Le bilan de l'épidémie de coronavirus en France était de nouveau en hausse mardi soir avec 348 nouveaux décès en 24 heures, mais le nombre de patients lourds en réanimation continue de baisser, selon la direction générale de la Santé.

La maire de Paris, Anne Hidalgo, a demandé que le port du masque, pour l'instant obligatoire dans les transports en commun, soit étendu à "toutes les rues de la capitale française".

En Espagne, ils étaient nombreux à éprouver la joie de retourner dans des bars, avec des mesures d'hygiène strictes. "On a toujours peur d'attraper le virus, de contaminer nos proches, mais il faut sortir dans la rue, il faut vivre à nouveau", affirmait Narcos Rodrigue à Tarragone.

Mais les autorités espagnoles ont décidé mardi que les personnes arrivant en Espagne depuis l'étranger seraient soumises à une quarantaine de 14 jours, à partir de vendredi et pendant toute la durée de l'état d'alerte, en vigueur jusqu'au 24 mai mais qui pourrait être prolongé.

Première compagnie aérienne à s'engager sur la voie d'une reprise du trafic, la compagnie low-cost irlandaise Ryanair a annoncé mardi la reprise de 40% de ses vols à partir de juillet et la mise en place de mesures sanitaires comme le port de masques et des prises de température pour les voyageurs et le personnel de bord, mais sans imposer la distanciation sociale.

Autre signe important d'une amélioration de la situation, le championnat allemand de football va reprendre samedi, alors que ses concurrents anglais, espagnol et italien s'apprêtent bientôt à l'imiter.

La Fédération américaine de gymnastique a en revanche annoncé qu'elle annulait ses championnats nationaux et d'autres événements majeurs prévus à son calendrier de 2020.

Faute de traitement ou de vaccin, que tentent de mettre aux point les laboratoires du monde entier, l'OMS a rappelé lundi qu'une "extrême vigilance" était nécessaire.

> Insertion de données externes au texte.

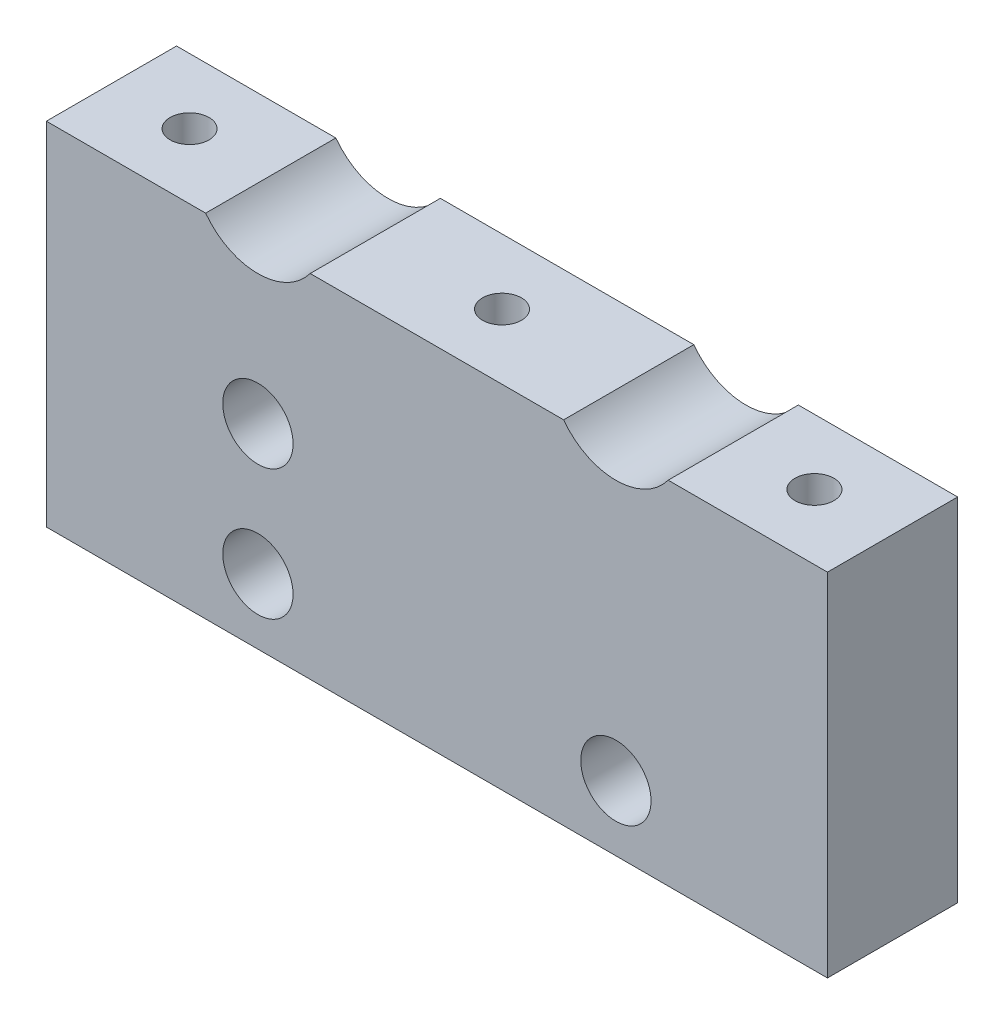
ISO-10303-21;
HEADER;
FILE_DESCRIPTION(('STEP AP214'),'2;1');
FILE_NAME('part.step','',(''),(''),'','','');
FILE_SCHEMA(('AUTOMOTIVE_DESIGN { 1 0 10303 214 1 1 1 1 }'));
ENDSEC;
DATA;
#1=APPLICATION_CONTEXT('core data for automotive mechanical design processes');
#2=APPLICATION_PROTOCOL_DEFINITION('international standard','automotive_design',2000,#1);
#3=PRODUCT_CONTEXT('',#1,'mechanical');
#4=PRODUCT('Part','Part','',(#3));
#5=PRODUCT_RELATED_PRODUCT_CATEGORY('part','',(#4));
#6=PRODUCT_DEFINITION_FORMATION('','',#4);
#7=PRODUCT_DEFINITION_CONTEXT('part definition',#1,'design');
#8=PRODUCT_DEFINITION('design','',#6,#7);
#9=PRODUCT_DEFINITION_SHAPE('','',#8);
#10=(LENGTH_UNIT() NAMED_UNIT(*) SI_UNIT(.MILLI.,.METRE.));
#11=(NAMED_UNIT(*) PLANE_ANGLE_UNIT() SI_UNIT($,.RADIAN.));
#12=(NAMED_UNIT(*) SI_UNIT($,.STERADIAN.) SOLID_ANGLE_UNIT());
#13=UNCERTAINTY_MEASURE_WITH_UNIT(LENGTH_MEASURE(1.E-05),#10,'distance_accuracy_value','');
#14=(GEOMETRIC_REPRESENTATION_CONTEXT(3) GLOBAL_UNCERTAINTY_ASSIGNED_CONTEXT((#13)) GLOBAL_UNIT_ASSIGNED_CONTEXT((#10,
#11,#12)) REPRESENTATION_CONTEXT('',''));
#15=CARTESIAN_POINT('',(0.,0.,0.));
#16=DIRECTION('',(0.,0.,1.));
#17=DIRECTION('',(1.,0.,0.));
#18=AXIS2_PLACEMENT_3D('',#15,#16,#17);
#19=CARTESIAN_POINT('',(-17.4625,20.9296,12.7));
#20=DIRECTION('',(0.,0.,1.));
#21=DIRECTION('',(1.,0.,0.));
#22=AXIS2_PLACEMENT_3D('',#19,#20,#21);
#23=PLANE('',#22);
#24=CARTESIAN_POINT('',(17.4625,-10.795,12.7));
#25=DIRECTION('',(0.,0.,1.));
#26=DIRECTION('',(-1.,0.,0.));
#27=AXIS2_PLACEMENT_3D('',#24,#25,#26);
#28=CIRCLE('',#27,3.429);
#29=CARTESIAN_POINT('',(14.0335,-10.795,12.7));
#30=VERTEX_POINT('',#29);
#31=EDGE_CURVE('E227',#30,#30,#28,.T.);
#32=ORIENTED_EDGE('',*,*,#31,.F.);
#33=EDGE_LOOP('',(#32));
#34=FACE_BOUND('',#33,.T.);
#35=DIRECTION('',(-1.,0.,0.));
#36=VECTOR('',#35,1.);
#37=CARTESIAN_POINT('',(22.5614511509721,17.145,12.7));
#38=LINE('',#37,#36);
#39=CARTESIAN_POINT('',(38.1,17.145,12.7));
#40=VERTEX_POINT('',#39);
#41=CARTESIAN_POINT('',(22.5614511509721,17.145,12.7));
#42=VERTEX_POINT('',#41);
#43=EDGE_CURVE('E178',#40,#42,#38,.T.);
#44=ORIENTED_EDGE('',*,*,#43,.T.);
#45=CARTESIAN_POINT('',(17.4625,20.9296,12.7));
#46=DIRECTION('',(0.,0.,-1.));
#47=DIRECTION('',(-1.,0.,0.));
#48=AXIS2_PLACEMENT_3D('',#45,#46,#47);
#49=CIRCLE('',#48,6.35);
#50=CARTESIAN_POINT('',(12.3635488490279,17.145,12.7));
#51=VERTEX_POINT('',#50);
#52=EDGE_CURVE('E112',#42,#51,#49,.T.);
#53=ORIENTED_EDGE('',*,*,#52,.T.);
#54=DIRECTION('',(-1.,0.,0.));
#55=VECTOR('',#54,1.);
#56=CARTESIAN_POINT('',(-12.3635488490279,17.145,12.7));
#57=LINE('',#56,#55);
#58=CARTESIAN_POINT('',(-12.3635488490279,17.145,12.7));
#59=VERTEX_POINT('',#58);
#60=EDGE_CURVE('E199',#51,#59,#57,.T.);
#61=ORIENTED_EDGE('',*,*,#60,.T.);
#62=CARTESIAN_POINT('',(-17.4625,20.9296,12.7));
#63=DIRECTION('',(0.,0.,-1.));
#64=DIRECTION('',(1.,0.,0.));
#65=AXIS2_PLACEMENT_3D('',#62,#63,#64);
#66=CIRCLE('',#65,6.35);
#67=CARTESIAN_POINT('',(-22.5614511509721,17.145,12.7));
#68=VERTEX_POINT('',#67);
#69=EDGE_CURVE('E213',#59,#68,#66,.T.);
#70=ORIENTED_EDGE('',*,*,#69,.T.);
#71=DIRECTION('',(-1.,0.,0.));
#72=VECTOR('',#71,1.);
#73=CARTESIAN_POINT('',(-38.1,17.145,12.7));
#74=LINE('',#73,#72);
#75=CARTESIAN_POINT('',(-38.1,17.145,12.7));
#76=VERTEX_POINT('',#75);
#77=EDGE_CURVE('E133',#68,#76,#74,.T.);
#78=ORIENTED_EDGE('',*,*,#77,.T.);
#79=DIRECTION('',(0.,-1.,0.));
#80=VECTOR('',#79,1.);
#81=CARTESIAN_POINT('',(-38.1,-17.145,12.7));
#82=LINE('',#81,#80);
#83=CARTESIAN_POINT('',(-38.1,-17.145,12.7));
#84=VERTEX_POINT('',#83);
#85=EDGE_CURVE('E127',#76,#84,#82,.T.);
#86=ORIENTED_EDGE('',*,*,#85,.T.);
#87=DIRECTION('',(1.,0.,0.));
#88=VECTOR('',#87,1.);
#89=CARTESIAN_POINT('',(-38.1,-17.145,12.7));
#90=LINE('',#89,#88);
#91=CARTESIAN_POINT('',(38.1,-17.145,12.7));
#92=VERTEX_POINT('',#91);
#93=EDGE_CURVE('E131',#84,#92,#90,.T.);
#94=ORIENTED_EDGE('',*,*,#93,.T.);
#95=DIRECTION('',(0.,1.,0.));
#96=VECTOR('',#95,1.);
#97=CARTESIAN_POINT('',(38.1,-17.145,12.7));
#98=LINE('',#97,#96);
#99=EDGE_CURVE('E68',#92,#40,#98,.T.);
#100=ORIENTED_EDGE('',*,*,#99,.T.);
#101=EDGE_LOOP('',(#44,#53,#61,#70,#78,#86,#94,#100));
#102=FACE_BOUND('',#101,.T.);
#103=CARTESIAN_POINT('',(-17.4625,-10.795,12.7));
#104=DIRECTION('',(0.,0.,1.));
#105=DIRECTION('',(1.,0.,0.));
#106=AXIS2_PLACEMENT_3D('',#103,#104,#105);
#107=CIRCLE('',#106,3.429);
#108=CARTESIAN_POINT('',(-14.0335,-10.795,12.7));
#109=VERTEX_POINT('',#108);
#110=EDGE_CURVE('E160',#109,#109,#107,.T.);
#111=ORIENTED_EDGE('',*,*,#110,.F.);
#112=EDGE_LOOP('',(#111));
#113=FACE_BOUND('',#112,.T.);
#114=CARTESIAN_POINT('',(-17.4625,1.905,12.7));
#115=DIRECTION('',(0.,0.,1.));
#116=DIRECTION('',(1.,0.,0.));
#117=AXIS2_PLACEMENT_3D('',#114,#115,#116);
#118=CIRCLE('',#117,3.429);
#119=CARTESIAN_POINT('',(-14.0335,1.905,12.7));
#120=VERTEX_POINT('',#119);
#121=EDGE_CURVE('E235',#120,#120,#118,.T.);
#122=ORIENTED_EDGE('',*,*,#121,.F.);
#123=EDGE_LOOP('',(#122));
#124=FACE_BOUND('',#123,.T.);
#125=ADVANCED_FACE('F50',(#34,#102,#113,#124),#23,.T.);
#126=CARTESIAN_POINT('',(-17.4625,20.9296,0.));
#127=DIRECTION('',(0.,0.,1.));
#128=DIRECTION('',(1.,0.,0.));
#129=AXIS2_PLACEMENT_3D('',#126,#127,#128);
#130=PLANE('',#129);
#131=DIRECTION('',(-1.,0.,0.));
#132=VECTOR('',#131,1.);
#133=CARTESIAN_POINT('',(22.5614511509721,17.145,0.));
#134=LINE('',#133,#132);
#135=CARTESIAN_POINT('',(38.1,17.145,0.));
#136=VERTEX_POINT('',#135);
#137=CARTESIAN_POINT('',(22.5614511509721,17.145,0.));
#138=VERTEX_POINT('',#137);
#139=EDGE_CURVE('E155',#136,#138,#134,.T.);
#140=ORIENTED_EDGE('',*,*,#139,.F.);
#141=DIRECTION('',(0.,1.,0.));
#142=VECTOR('',#141,1.);
#143=CARTESIAN_POINT('',(38.1,-17.145,0.));
#144=LINE('',#143,#142);
#145=CARTESIAN_POINT('',(38.1,-17.145,0.));
#146=VERTEX_POINT('',#145);
#147=EDGE_CURVE('E104',#146,#136,#144,.T.);
#148=ORIENTED_EDGE('',*,*,#147,.F.);
#149=DIRECTION('',(1.,0.,0.));
#150=VECTOR('',#149,1.);
#151=CARTESIAN_POINT('',(-38.1,-17.145,0.));
#152=LINE('',#151,#150);
#153=CARTESIAN_POINT('',(-38.1,-17.145,0.));
#154=VERTEX_POINT('',#153);
#155=EDGE_CURVE('E98',#154,#146,#152,.T.);
#156=ORIENTED_EDGE('',*,*,#155,.F.);
#157=DIRECTION('',(0.,-1.,0.));
#158=VECTOR('',#157,1.);
#159=CARTESIAN_POINT('',(-38.1,-17.145,0.));
#160=LINE('',#159,#158);
#161=CARTESIAN_POINT('',(-38.1,17.145,0.));
#162=VERTEX_POINT('',#161);
#163=EDGE_CURVE('E142',#162,#154,#160,.T.);
#164=ORIENTED_EDGE('',*,*,#163,.F.);
#165=DIRECTION('',(-1.,0.,0.));
#166=VECTOR('',#165,1.);
#167=CARTESIAN_POINT('',(-38.1,17.145,0.));
#168=LINE('',#167,#166);
#169=CARTESIAN_POINT('',(-22.5614511509721,17.145,0.));
#170=VERTEX_POINT('',#169);
#171=EDGE_CURVE('E169',#170,#162,#168,.T.);
#172=ORIENTED_EDGE('',*,*,#171,.F.);
#173=CARTESIAN_POINT('',(-17.4625,20.9296,0.));
#174=DIRECTION('',(0.,0.,-1.));
#175=DIRECTION('',(1.,0.,0.));
#176=AXIS2_PLACEMENT_3D('',#173,#174,#175);
#177=CIRCLE('',#176,6.35);
#178=CARTESIAN_POINT('',(-12.3635488490279,17.145,0.));
#179=VERTEX_POINT('',#178);
#180=EDGE_CURVE('E166',#179,#170,#177,.T.);
#181=ORIENTED_EDGE('',*,*,#180,.F.);
#182=DIRECTION('',(-1.,0.,0.));
#183=VECTOR('',#182,1.);
#184=CARTESIAN_POINT('',(-12.3635488490279,17.145,0.));
#185=LINE('',#184,#183);
#186=CARTESIAN_POINT('',(12.3635488490279,17.145,0.));
#187=VERTEX_POINT('',#186);
#188=EDGE_CURVE('E163',#187,#179,#185,.T.);
#189=ORIENTED_EDGE('',*,*,#188,.F.);
#190=CARTESIAN_POINT('',(17.4625,20.9296,0.));
#191=DIRECTION('',(0.,0.,-1.));
#192=DIRECTION('',(-1.,0.,0.));
#193=AXIS2_PLACEMENT_3D('',#190,#191,#192);
#194=CIRCLE('',#193,6.35);
#195=EDGE_CURVE('E159',#138,#187,#194,.T.);
#196=ORIENTED_EDGE('',*,*,#195,.F.);
#197=EDGE_LOOP('',(#140,#148,#156,#164,#172,#181,#189,#196));
#198=FACE_BOUND('',#197,.T.);
#199=CARTESIAN_POINT('',(-17.4625,-10.795,0.));
#200=DIRECTION('',(0.,0.,1.));
#201=DIRECTION('',(1.,0.,0.));
#202=AXIS2_PLACEMENT_3D('',#199,#200,#201);
#203=CIRCLE('',#202,3.429);
#204=CARTESIAN_POINT('',(-14.0335,-10.795,0.));
#205=VERTEX_POINT('',#204);
#206=EDGE_CURVE('E223',#205,#205,#203,.T.);
#207=ORIENTED_EDGE('',*,*,#206,.T.);
#208=EDGE_LOOP('',(#207));
#209=FACE_BOUND('',#208,.T.);
#210=CARTESIAN_POINT('',(17.4625,-10.795,0.));
#211=DIRECTION('',(0.,0.,1.));
#212=DIRECTION('',(-1.,0.,0.));
#213=AXIS2_PLACEMENT_3D('',#210,#211,#212);
#214=CIRCLE('',#213,3.429);
#215=CARTESIAN_POINT('',(14.0335,-10.795,0.));
#216=VERTEX_POINT('',#215);
#217=EDGE_CURVE('E231',#216,#216,#214,.T.);
#218=ORIENTED_EDGE('',*,*,#217,.T.);
#219=EDGE_LOOP('',(#218));
#220=FACE_BOUND('',#219,.T.);
#221=CARTESIAN_POINT('',(-17.4625,1.905,0.));
#222=DIRECTION('',(0.,0.,1.));
#223=DIRECTION('',(1.,0.,0.));
#224=AXIS2_PLACEMENT_3D('',#221,#222,#223);
#225=CIRCLE('',#224,3.429);
#226=CARTESIAN_POINT('',(-14.0335,1.905,0.));
#227=VERTEX_POINT('',#226);
#228=EDGE_CURVE('E239',#227,#227,#225,.T.);
#229=ORIENTED_EDGE('',*,*,#228,.T.);
#230=EDGE_LOOP('',(#229));
#231=FACE_BOUND('',#230,.T.);
#232=ADVANCED_FACE('F203',(#198,#209,#220,#231),#130,.F.);
#233=CARTESIAN_POINT('',(22.5614511509721,17.145,12.7));
#234=DIRECTION('',(0.,-1.,0.));
#235=DIRECTION('',(0.,0.,-1.));
#236=AXIS2_PLACEMENT_3D('',#233,#234,#235);
#237=PLANE('',#236);
#238=CARTESIAN_POINT('',(30.48,17.145,6.35000000000001));
#239=DIRECTION('',(0.,1.,0.));
#240=DIRECTION('',(0.,0.,1.));
#241=AXIS2_PLACEMENT_3D('',#238,#239,#240);
#242=CIRCLE('',#241,1.89864999999999);
#243=CARTESIAN_POINT('',(30.48,17.145,8.24865));
#244=VERTEX_POINT('',#243);
#245=EDGE_CURVE('E250',#244,#244,#242,.T.);
#246=ORIENTED_EDGE('',*,*,#245,.F.);
#247=EDGE_LOOP('',(#246));
#248=FACE_BOUND('',#247,.T.);
#249=ORIENTED_EDGE('',*,*,#139,.T.);
#250=DIRECTION('',(0.,0.,-1.));
#251=VECTOR('',#250,1.);
#252=CARTESIAN_POINT('',(22.5614511509721,17.145,12.7));
#253=LINE('',#252,#251);
#254=EDGE_CURVE('E11',#42,#138,#253,.T.);
#255=ORIENTED_EDGE('',*,*,#254,.F.);
#256=ORIENTED_EDGE('',*,*,#43,.F.);
#257=DIRECTION('',(0.,0.,-1.));
#258=VECTOR('',#257,1.);
#259=CARTESIAN_POINT('',(38.1,17.145,12.7));
#260=LINE('',#259,#258);
#261=EDGE_CURVE('E151',#40,#136,#260,.T.);
#262=ORIENTED_EDGE('',*,*,#261,.T.);
#263=EDGE_LOOP('',(#249,#255,#256,#262));
#264=FACE_BOUND('',#263,.T.);
#265=ADVANCED_FACE('F52',(#248,#264),#237,.F.);
#266=CARTESIAN_POINT('',(17.4625,20.9296,12.7));
#267=DIRECTION('',(0.,0.,-1.));
#268=DIRECTION('',(-1.,0.,0.));
#269=AXIS2_PLACEMENT_3D('',#266,#267,#268);
#270=CYLINDRICAL_SURFACE('',#269,6.35);
#271=ORIENTED_EDGE('',*,*,#195,.T.);
#272=DIRECTION('',(0.,0.,-1.));
#273=VECTOR('',#272,1.);
#274=CARTESIAN_POINT('',(12.3635488490279,17.145,12.7));
#275=LINE('',#274,#273);
#276=EDGE_CURVE('E60',#51,#187,#275,.T.);
#277=ORIENTED_EDGE('',*,*,#276,.F.);
#278=ORIENTED_EDGE('',*,*,#52,.F.);
#279=ORIENTED_EDGE('',*,*,#254,.T.);
#280=EDGE_LOOP('',(#271,#277,#278,#279));
#281=FACE_BOUND('',#280,.T.);
#282=ADVANCED_FACE('F340',(#281),#270,.F.);
#283=CARTESIAN_POINT('',(-12.3635488490279,17.145,12.7));
#284=DIRECTION('',(0.,-1.,0.));
#285=DIRECTION('',(0.,0.,-1.));
#286=AXIS2_PLACEMENT_3D('',#283,#284,#285);
#287=PLANE('',#286);
#288=CARTESIAN_POINT('',(0.,17.145,6.35));
#289=DIRECTION('',(0.,1.,0.));
#290=DIRECTION('',(0.,0.,1.));
#291=AXIS2_PLACEMENT_3D('',#288,#289,#290);
#292=CIRCLE('',#291,1.89864999999999);
#293=CARTESIAN_POINT('',(0.,17.145,8.24864999999999));
#294=VERTEX_POINT('',#293);
#295=EDGE_CURVE('E258',#294,#294,#292,.T.);
#296=ORIENTED_EDGE('',*,*,#295,.F.);
#297=EDGE_LOOP('',(#296));
#298=FACE_BOUND('',#297,.T.);
#299=ORIENTED_EDGE('',*,*,#188,.T.);
#300=DIRECTION('',(0.,0.,-1.));
#301=VECTOR('',#300,1.);
#302=CARTESIAN_POINT('',(-12.3635488490279,17.145,12.7));
#303=LINE('',#302,#301);
#304=EDGE_CURVE('E189',#59,#179,#303,.T.);
#305=ORIENTED_EDGE('',*,*,#304,.F.);
#306=ORIENTED_EDGE('',*,*,#60,.F.);
#307=ORIENTED_EDGE('',*,*,#276,.T.);
#308=EDGE_LOOP('',(#299,#305,#306,#307));
#309=FACE_BOUND('',#308,.T.);
#310=ADVANCED_FACE('F197',(#298,#309),#287,.F.);
#311=CARTESIAN_POINT('',(-17.4625,20.9296,12.7));
#312=DIRECTION('',(0.,0.,-1.));
#313=DIRECTION('',(-1.,0.,0.));
#314=AXIS2_PLACEMENT_3D('',#311,#312,#313);
#315=CYLINDRICAL_SURFACE('',#314,6.35);
#316=ORIENTED_EDGE('',*,*,#180,.T.);
#317=DIRECTION('',(0.,0.,-1.));
#318=VECTOR('',#317,1.);
#319=CARTESIAN_POINT('',(-22.5614511509721,17.145,12.7));
#320=LINE('',#319,#318);
#321=EDGE_CURVE('E185',#68,#170,#320,.T.);
#322=ORIENTED_EDGE('',*,*,#321,.F.);
#323=ORIENTED_EDGE('',*,*,#69,.F.);
#324=ORIENTED_EDGE('',*,*,#304,.T.);
#325=EDGE_LOOP('',(#316,#322,#323,#324));
#326=FACE_BOUND('',#325,.T.);
#327=ADVANCED_FACE('F208',(#326),#315,.F.);
#328=CARTESIAN_POINT('',(-38.1,17.145,12.7));
#329=DIRECTION('',(0.,-1.,0.));
#330=DIRECTION('',(0.,0.,-1.));
#331=AXIS2_PLACEMENT_3D('',#328,#329,#330);
#332=PLANE('',#331);
#333=CARTESIAN_POINT('',(-30.48,17.145,6.35000000000001));
#334=DIRECTION('',(0.,1.,0.));
#335=DIRECTION('',(0.,0.,1.));
#336=AXIS2_PLACEMENT_3D('',#333,#334,#335);
#337=CIRCLE('',#336,1.89864999999999);
#338=CARTESIAN_POINT('',(-30.48,17.145,8.24865));
#339=VERTEX_POINT('',#338);
#340=EDGE_CURVE('E266',#339,#339,#337,.T.);
#341=ORIENTED_EDGE('',*,*,#340,.F.);
#342=EDGE_LOOP('',(#341));
#343=FACE_BOUND('',#342,.T.);
#344=ORIENTED_EDGE('',*,*,#171,.T.);
#345=DIRECTION('',(0.,0.,-1.));
#346=VECTOR('',#345,1.);
#347=CARTESIAN_POINT('',(-38.1,17.145,12.7));
#348=LINE('',#347,#346);
#349=EDGE_CURVE('E144',#76,#162,#348,.T.);
#350=ORIENTED_EDGE('',*,*,#349,.F.);
#351=ORIENTED_EDGE('',*,*,#77,.F.);
#352=ORIENTED_EDGE('',*,*,#321,.T.);
#353=EDGE_LOOP('',(#344,#350,#351,#352));
#354=FACE_BOUND('',#353,.T.);
#355=ADVANCED_FACE('F211',(#343,#354),#332,.F.);
#356=CARTESIAN_POINT('',(-38.1,-17.145,12.7));
#357=DIRECTION('',(1.,0.,0.));
#358=DIRECTION('',(0.,0.,-1.));
#359=AXIS2_PLACEMENT_3D('',#356,#357,#358);
#360=PLANE('',#359);
#361=ORIENTED_EDGE('',*,*,#163,.T.);
#362=DIRECTION('',(0.,0.,-1.));
#363=VECTOR('',#362,1.);
#364=CARTESIAN_POINT('',(-38.1,-17.145,12.7));
#365=LINE('',#364,#363);
#366=EDGE_CURVE('E139',#84,#154,#365,.T.);
#367=ORIENTED_EDGE('',*,*,#366,.F.);
#368=ORIENTED_EDGE('',*,*,#85,.F.);
#369=ORIENTED_EDGE('',*,*,#349,.T.);
#370=EDGE_LOOP('',(#361,#367,#368,#369));
#371=FACE_BOUND('',#370,.T.);
#372=ADVANCED_FACE('F140',(#371),#360,.F.);
#373=CARTESIAN_POINT('',(-38.1,-17.145,12.7));
#374=DIRECTION('',(0.,1.,0.));
#375=DIRECTION('',(0.,0.,1.));
#376=AXIS2_PLACEMENT_3D('',#373,#374,#375);
#377=PLANE('',#376);
#378=ORIENTED_EDGE('',*,*,#155,.T.);
#379=DIRECTION('',(0.,0.,-1.));
#380=VECTOR('',#379,1.);
#381=CARTESIAN_POINT('',(38.1,-17.145,12.7));
#382=LINE('',#381,#380);
#383=EDGE_CURVE('E145',#92,#146,#382,.T.);
#384=ORIENTED_EDGE('',*,*,#383,.F.);
#385=ORIENTED_EDGE('',*,*,#93,.F.);
#386=ORIENTED_EDGE('',*,*,#366,.T.);
#387=EDGE_LOOP('',(#378,#384,#385,#386));
#388=FACE_BOUND('',#387,.T.);
#389=ADVANCED_FACE('F147',(#388),#377,.F.);
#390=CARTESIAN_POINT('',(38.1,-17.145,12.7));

Le responsable des questions d'urgence sanitaire de l'organisation, Michael Ryan, a regretté que "certains pays", qu'il n'a pas nommés, aient choisi de "fermer les yeux et d'avancer à l'aveugle" vers le déconfinement, sans avoir identifié les foyers de contamination ni préparé de capacités hospitalières suffisantes.

En Chine, la ville de Wuhan, où est apparu le virus en décembre, va entreprendre de tester l'ensemble de ses onze millions d'habitants, ont rapporté mardi des médias, même si cette information n'a pour l'instant pas été officiellement confirmée.